A eukaryotic genome annotation pipeline for less well-studied organisms
Installation is best handled in docker.
First requires a license to run GeneMark-ES/ET/EP+ from topaz.gatech.edu/GeneMark/license_download.cgi
docker build -t eukan -f Dockerfile .
Use the helper shell script to run the container.
bash annot-docker eukan -h
usage: eukan [-h] --genome genome.fasta --proteins PROTEINS [PROTEINS ...] [--transcriptsFasta transcriptassembly.fasta] [--transcriptsGFF transcriptassembly.gff3] [--rnaseq_hints hints.gff] [--existing_augustus species]
[--strand_specific_transcripts] [--numcpu N] [--weights x y [z] [x y [z] ...]] [--code CODE] [--utrs UTRS] [--fungus] [--protist] [--animal] [--plant]
Annotates a genome.
optional arguments:
-h, --help show this help message and exit
--genome genome.fasta, -g genome.fasta
REQUIRED. Make sure there are no lower-case letters in the sequences since the pipeline soft-masks the genome by converting upper-case nucleotides in repetitive regions to lower-case
--proteins PROTEINS [PROTEINS ...], -p PROTEINS [PROTEINS ...]
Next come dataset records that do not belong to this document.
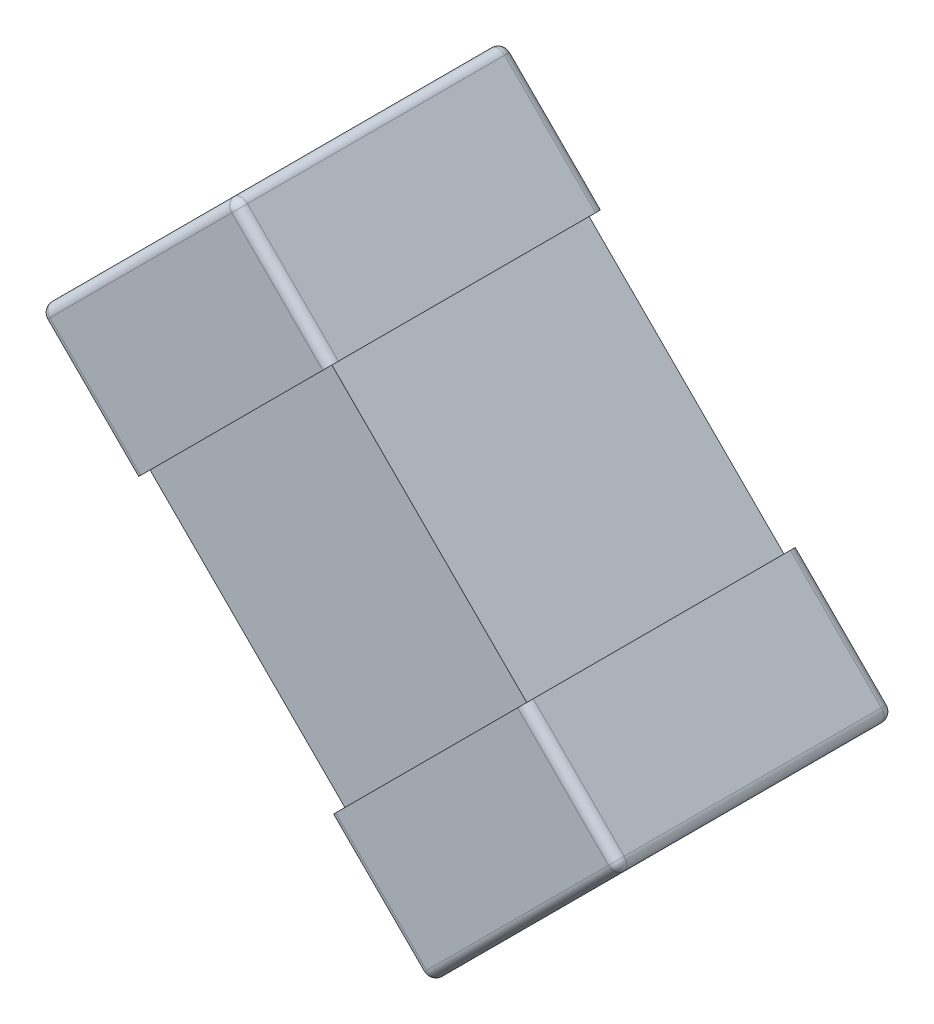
ISO-10303-21;
HEADER;
FILE_DESCRIPTION(('STEP AP214'),'2;1');
FILE_NAME('part.step','',(''),(''),'','','');
FILE_SCHEMA(('AUTOMOTIVE_DESIGN { 1 0 10303 214 1 1 1 1 }'));
ENDSEC;
DATA;
#1=APPLICATION_CONTEXT('core data for automotive mechanical design processes');
#2=APPLICATION_PROTOCOL_DEFINITION('international standard','automotive_design',2000,#1);
#3=PRODUCT_CONTEXT('',#1,'mechanical');
#4=PRODUCT('Part','Part','',(#3));
#5=PRODUCT_RELATED_PRODUCT_CATEGORY('part','',(#4));
#6=PRODUCT_DEFINITION_FORMATION('','',#4);
#7=PRODUCT_DEFINITION_CONTEXT('part definition',#1,'design');
#8=PRODUCT_DEFINITION('design','',#6,#7);
#9=PRODUCT_DEFINITION_SHAPE('','',#8);
#10=(LENGTH_UNIT() NAMED_UNIT(*) SI_UNIT(.MILLI.,.METRE.));
#11=(NAMED_UNIT(*) PLANE_ANGLE_UNIT() SI_UNIT($,.RADIAN.));
#12=(NAMED_UNIT(*) SI_UNIT($,.STERADIAN.) SOLID_ANGLE_UNIT());
#13=UNCERTAINTY_MEASURE_WITH_UNIT(LENGTH_MEASURE(1.E-05),#10,'distance_accuracy_value','');
#14=(GEOMETRIC_REPRESENTATION_CONTEXT(3) GLOBAL_UNCERTAINTY_ASSIGNED_CONTEXT((#13)) GLOBAL_UNIT_ASSIGNED_CONTEXT((#10,
#11,#12)) REPRESENTATION_CONTEXT('',''));
#15=CARTESIAN_POINT('',(0.,0.,0.));
#16=DIRECTION('',(0.,0.,1.));
#17=DIRECTION('',(1.,0.,0.));
#18=AXIS2_PLACEMENT_3D('',#15,#16,#17);
#19=CARTESIAN_POINT('',(12.036066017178,8.84180194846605,0.01));
#20=DIRECTION('',(-0.707106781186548,0.707106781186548,0.));
#21=DIRECTION('',(-0.707106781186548,-0.707106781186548,0.));
#22=AXIS2_PLACEMENT_3D('',#19,#20,#21);
#23=PLANE('',#22);
#24=DIRECTION('',(0.,0.,-1.));
#25=VECTOR('',#24,1.);
#26=CARTESIAN_POINT('',(12.2411269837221,9.04686291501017,0.01));
#27=LINE('',#26,#25);
#28=CARTESIAN_POINT('',(12.2411269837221,9.04686291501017,0.3));
#29=VERTEX_POINT('',#28);
#30=CARTESIAN_POINT('',(12.2411269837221,9.04686291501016,0.0199999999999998));
#31=VERTEX_POINT('',#30);
#32=EDGE_CURVE('E414',#29,#31,#27,.T.);
#33=ORIENTED_EDGE('',*,*,#32,.F.);
#34=DIRECTION('',(-0.707106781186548,-0.707106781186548,0.));
#35=VECTOR('',#34,1.);
#36=CARTESIAN_POINT('',(12.036066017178,8.84180194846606,0.3));
#37=LINE('',#36,#35);
#38=CARTESIAN_POINT('',(12.0431370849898,8.84887301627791,0.3));
#39=VERTEX_POINT('',#38);
#40=EDGE_CURVE('E516',#39,#29,#37,.F.);
#41=ORIENTED_EDGE('',*,*,#40,.F.);
#42=DIRECTION('',(0.,0.,1.));
#43=VECTOR('',#42,1.);
#44=CARTESIAN_POINT('',(12.0431370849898,8.84887301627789,0.31));
#45=LINE('',#44,#43);
#46=CARTESIAN_POINT('',(12.0431370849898,8.8488730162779,0.0200000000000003));
#47=VERTEX_POINT('',#46);
#48=EDGE_CURVE('E447',#47,#39,#45,.T.);
#49=ORIENTED_EDGE('',*,*,#48,.F.);
#50=DIRECTION('',(-0.707106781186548,-0.707106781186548,0.));
#51=VECTOR('',#50,1.);
#52=CARTESIAN_POINT('',(12.036066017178,8.84180194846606,0.02));
#53=LINE('',#52,#51);
#54=EDGE_CURVE('E507',#31,#47,#53,.T.);
#55=ORIENTED_EDGE('',*,*,#54,.F.);
#56=EDGE_LOOP('',(#33,#41,#49,#55));
#57=FACE_BOUND('',#56,.T.);
#58=ADVANCED_FACE('F17',(#57),#23,.F.);
#59=CARTESIAN_POINT('',(11.6118019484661,9.26606601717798,0.01));
#60=DIRECTION('',(0.707106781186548,-0.707106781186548,0.));
#61=DIRECTION('',(0.707106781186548,0.707106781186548,0.));
#62=AXIS2_PLACEMENT_3D('',#59,#60,#61);
#63=PLANE('',#62);
#64=DIRECTION('',(0.,0.,1.));
#65=VECTOR('',#64,1.);
#66=CARTESIAN_POINT('',(11.6188730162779,9.27313708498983,0.31));
#67=LINE('',#66,#65);
#68=CARTESIAN_POINT('',(11.6188730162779,9.27313708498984,0.3));
#69=VERTEX_POINT('',#68);
#70=CARTESIAN_POINT('',(11.6188730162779,9.27313708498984,0.0200000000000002));
#71=VERTEX_POINT('',#70);
#72=EDGE_CURVE('E364',#69,#71,#67,.F.);
#73=ORIENTED_EDGE('',*,*,#72,.F.);
#74=DIRECTION('',(-0.707106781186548,-0.707106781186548,0.));
#75=VECTOR('',#74,1.);
#76=CARTESIAN_POINT('',(11.611801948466,9.26606601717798,0.3));
#77=LINE('',#76,#75);
#78=CARTESIAN_POINT('',(11.8168629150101,9.4711269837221,0.3));
#79=VERTEX_POINT('',#78);
#80=EDGE_CURVE('E488',#79,#69,#77,.T.);
#81=ORIENTED_EDGE('',*,*,#80,.F.);
#82=DIRECTION('',(0.,0.,-1.));
#83=VECTOR('',#82,1.);
#84=CARTESIAN_POINT('',(11.8168629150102,9.47112698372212,0.01));
#85=LINE('',#84,#83);
#86=CARTESIAN_POINT('',(11.8168629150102,9.47112698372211,0.02));
#87=VERTEX_POINT('',#86);
#88=EDGE_CURVE('E304',#87,#79,#85,.F.);
#89=ORIENTED_EDGE('',*,*,#88,.F.);
#90=DIRECTION('',(-0.707106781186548,-0.707106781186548,0.));
#91=VECTOR('',#90,1.);
#92=CARTESIAN_POINT('',(11.611801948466,9.26606601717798,0.02));
#93=LINE('',#92,#91);
#94=EDGE_CURVE('E497',#71,#87,#93,.F.);
#95=ORIENTED_EDGE('',*,*,#94,.F.);
#96=EDGE_LOOP('',(#73,#81,#89,#95));
#97=FACE_BOUND('',#96,.T.);
#98=ADVANCED_FACE('F477',(#97),#63,.F.);
#99=CARTESIAN_POINT('',(12.2340559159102,9.05393398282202,0.3));
#100=DIRECTION('',(-0.707106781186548,0.707106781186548,0.));
#101=DIRECTION('',(0.,0.,-1.));
#102=AXIS2_PLACEMENT_3D('',#99,#100,#101);
#103=SPHERICAL_SURFACE('',#102,0.01);
#104=CARTESIAN_POINT('',(12.2340559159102,9.05393398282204,0.3));
#105=DIRECTION('',(-0.707106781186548,-0.707106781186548,0.));
#106=DIRECTION('',(0.707106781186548,-0.707106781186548,0.));
#107=AXIS2_PLACEMENT_3D('',#104,#105,#106);
#108=CIRCLE('',#107,0.01);
#109=CARTESIAN_POINT('',(12.2340559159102,9.05393398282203,0.31));
#110=VERTEX_POINT('',#109);
#111=EDGE_CURVE('E519',#29,#110,#108,.T.);
#112=ORIENTED_EDGE('',*,*,#111,.F.);
#113=CARTESIAN_POINT('',(12.2340559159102,9.05393398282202,0.3));
#114=DIRECTION('',(0.,0.,-1.));
#115=DIRECTION('',(-1.,0.,0.));
#116=AXIS2_PLACEMENT_3D('',#113,#114,#115);
#117=CIRCLE('',#116,0.01);
#118=CARTESIAN_POINT('',(12.2411269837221,9.06100505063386,0.3));
#119=VERTEX_POINT('',#118);
#120=EDGE_CURVE('E401',#119,#29,#117,.T.);
#121=ORIENTED_EDGE('',*,*,#120,.F.);
#122=CARTESIAN_POINT('',(12.2340559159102,9.05393398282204,0.3));
#123=DIRECTION('',(0.707106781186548,-0.707106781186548,0.));
#124=DIRECTION('',(0.707106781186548,0.707106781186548,0.));
#125=AXIS2_PLACEMENT_3D('',#122,#123,#124);
#126=CIRCLE('',#125,0.01);
#127=EDGE_CURVE('E196',#110,#119,#126,.F.);
#128=ORIENTED_EDGE('',*,*,#127,.F.);
#129=EDGE_LOOP('',(#112,#121,#128));
#130=FACE_BOUND('',#129,.T.);
#131=ADVANCED_FACE('F473',(#130),#103,.T.);
#132=CARTESIAN_POINT('',(12.0289949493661,8.84887301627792,0.3));
#133=DIRECTION('',(-0.707106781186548,-0.707106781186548,0.));
#134=DIRECTION('',(0.707106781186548,-0.707106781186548,0.));
#135=AXIS2_PLACEMENT_3D('',#132,#133,#134);
#136=CYLINDRICAL_SURFACE('',#135,0.01);
#137=ORIENTED_EDGE('',*,*,#111,.T.);
#138=DIRECTION('',(-0.707106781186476,-0.707106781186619,0.));
#139=VECTOR('',#138,1.);
#140=CARTESIAN_POINT('',(12.2340559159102,9.05393398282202,0.31));
#141=LINE('',#140,#139);
#142=CARTESIAN_POINT('',(12.0360660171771,8.85594408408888,0.31));
#143=VERTEX_POINT('',#142);
#144=EDGE_CURVE('E195',#110,#143,#141,.T.);
#145=ORIENTED_EDGE('',*,*,#144,.T.);
#146=CARTESIAN_POINT('',(12.036066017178,8.85594408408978,0.3));
#147=DIRECTION('',(0.707106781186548,0.707106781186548,5.16518506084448E-10));
#148=DIRECTION('',(-0.707106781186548,0.707106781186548,0.));
#149=AXIS2_PLACEMENT_3D('',#146,#147,#148);
#150=CIRCLE('',#149,0.01);
#151=EDGE_CURVE('E457',#39,#143,#150,.F.);
#152=ORIENTED_EDGE('',*,*,#151,.F.);
#153=ORIENTED_EDGE('',*,*,#40,.T.);
#154=EDGE_LOOP('',(#137,#145,#152,#153));
#155=FACE_BOUND('',#154,.T.);
#156=ADVANCED_FACE('F469',(#155),#136,.T.);
#157=CARTESIAN_POINT('',(12.036066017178,8.85594408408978,0.3));
#158=DIRECTION('',(-0.707106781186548,0.707106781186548,0.));
#159=DIRECTION('',(0.,0.,-1.));
#160=AXIS2_PLACEMENT_3D('',#157,#158,#159);
#161=SPHERICAL_SURFACE('',#160,0.01);
#162=CARTESIAN_POINT('',(12.036066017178,8.85594408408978,0.3));
#163=DIRECTION('',(0.,0.,1.));
#164=DIRECTION('',(1.,0.,0.));
#165=AXIS2_PLACEMENT_3D('',#162,#163,#164);
#166=CIRCLE('',#165,0.01);
#167=CARTESIAN_POINT('',(12.0289949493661,8.84887301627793,0.3));
#168=VERTEX_POINT('',#167);
#169=EDGE_CURVE('E454',#39,#168,#166,.F.);
#170=ORIENTED_EDGE('',*,*,#169,.F.);
#171=ORIENTED_EDGE('',*,*,#151,.T.);
#172=CARTESIAN_POINT('',(12.0360660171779,8.85594408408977,0.3));
#173=DIRECTION('',(-0.707106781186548,0.707106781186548,0.));
#174=DIRECTION('',(-0.707106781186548,-0.707106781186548,0.));
#175=AXIS2_PLACEMENT_3D('',#172,#173,#174);
#176=CIRCLE('',#175,0.01);
#177=EDGE_CURVE('E292',#168,#143,#176,.T.);
#178=ORIENTED_EDGE('',*,*,#177,.F.);
#179=EDGE_LOOP('',(#170,#171,#178));
#180=FACE_BOUND('',#179,.T.);
#181=ADVANCED_FACE('F466',(#180),#161,.T.);
#182=CARTESIAN_POINT('',(12.036066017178,8.85594408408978,0.31));
#183=DIRECTION('',(0.,0.,1.));
#184=DIRECTION('',(1.,0.,0.));
#185=AXIS2_PLACEMENT_3D('',#182,#183,#184);
#186=CYLINDRICAL_SURFACE('',#185,0.01);
#187=CARTESIAN_POINT('',(12.036066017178,8.85594408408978,0.0200000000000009));
#188=DIRECTION('',(0.,0.,1.));
#189=DIRECTION('',(-0.707106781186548,0.707106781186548,0.));
#190=AXIS2_PLACEMENT_3D('',#187,#188,#189);
#191=CIRCLE('',#190,0.01);
#192=CARTESIAN_POINT('',(12.0289949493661,8.84887301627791,0.0200000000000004));
#193=VERTEX_POINT('',#192);
#194=EDGE_CURVE('E443',#47,#193,#191,.F.);
#195=ORIENTED_EDGE('',*,*,#194,.F.);
#196=ORIENTED_EDGE('',*,*,#48,.T.);
#197=ORIENTED_EDGE('',*,*,#169,.T.);
#198=DIRECTION('',(0.,0.,1.));
#199=VECTOR('',#198,1.);
#200=CARTESIAN_POINT('',(12.0289949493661,8.84887301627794,0.31));
#201=LINE('',#200,#199);
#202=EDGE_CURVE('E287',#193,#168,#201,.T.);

REQUIRED. >=1 protein fasta files, separated by spaces
--transcriptsFasta transcriptassembly.fasta, -tf transcriptassembly.fasta
assembled transcripts fasta
--transcriptsGFF transcriptassembly.gff3, -tg transcriptassembly.gff3
assembled transcripts gff file
--rnaseq_hints hints.gff, -r hints.gff
gff hints generated from RNA-Seq
--existing_augustus species
use existing augustus species parameters
--strand_specific_transcripts
specify that transcripts are alignment oriented
--numcpu N, -n N number of CPUs to use, default is MAX
--weights x y [z] [x y [z] ...]
define weights for each evidence source in the following order: protein alignments, gene predictions, transcript assembly (if present), e.g. --weights 2 1 5, or --weights 2 1. Default is 1 2, and 10 if transcript
assembly is available
--code CODE, -C CODE genetic code to use, as defined at https://www.ncbi.nlm.nih.gov/Taxonomy/Utils/wprintgc.cgi#SG27
--utrs UTRS path to PASA sqlite DB to add UTRs
--fungus target genome is of a fungus
--protist target genome is of a protist
--animal target genome is of an animal
--plant target genome is of a plant
Data needs to be prepared prior to running Eukan. Use the transcriptome_assembly.sh script to prepare RNA-Seq read libraries:
Usage: transcriptome_assembly.sh [OPTIONS] <ARGS>
[OPTIONS] and corresponding <ARGS> are:
Either paired-end:
[-l] <left reads>
[-r] <right reads>
or single-end:
[-s] <single-end reads>
[-m] <min intron length> # default 20
[-M] <max intron length> # default 5000
[-g] <genome fasta>
[-p] <phred quality score (33 for MISEQ, 64 for HISEQ)> # default 33
[-n] <number of CPUs> # default is MAX
[-S] <specificy strand-specific assembly, either RF or FR> # default off, i.e. unstranded
[-A] <switch on read mapping>
[-E] <switch to extract reads>
[-T] <switch on Trinity assembly>
[-e] <switch on StringTie assembly>
[-P] <switch on PASA alignment>
[-c] <genetic code according to ncbi table>
[-h] Display this help message
[-j] switch on jaccard clipping (for gene-dense orgnanisms and high coverage data)
[-t] <EndToEnd/Local> # default Local
The pipeline starts by mapping reads to the genome, then runs the transcriptome assembly routine, then creates a non-redundant assembly by aligning the resulting transcripts to the genome.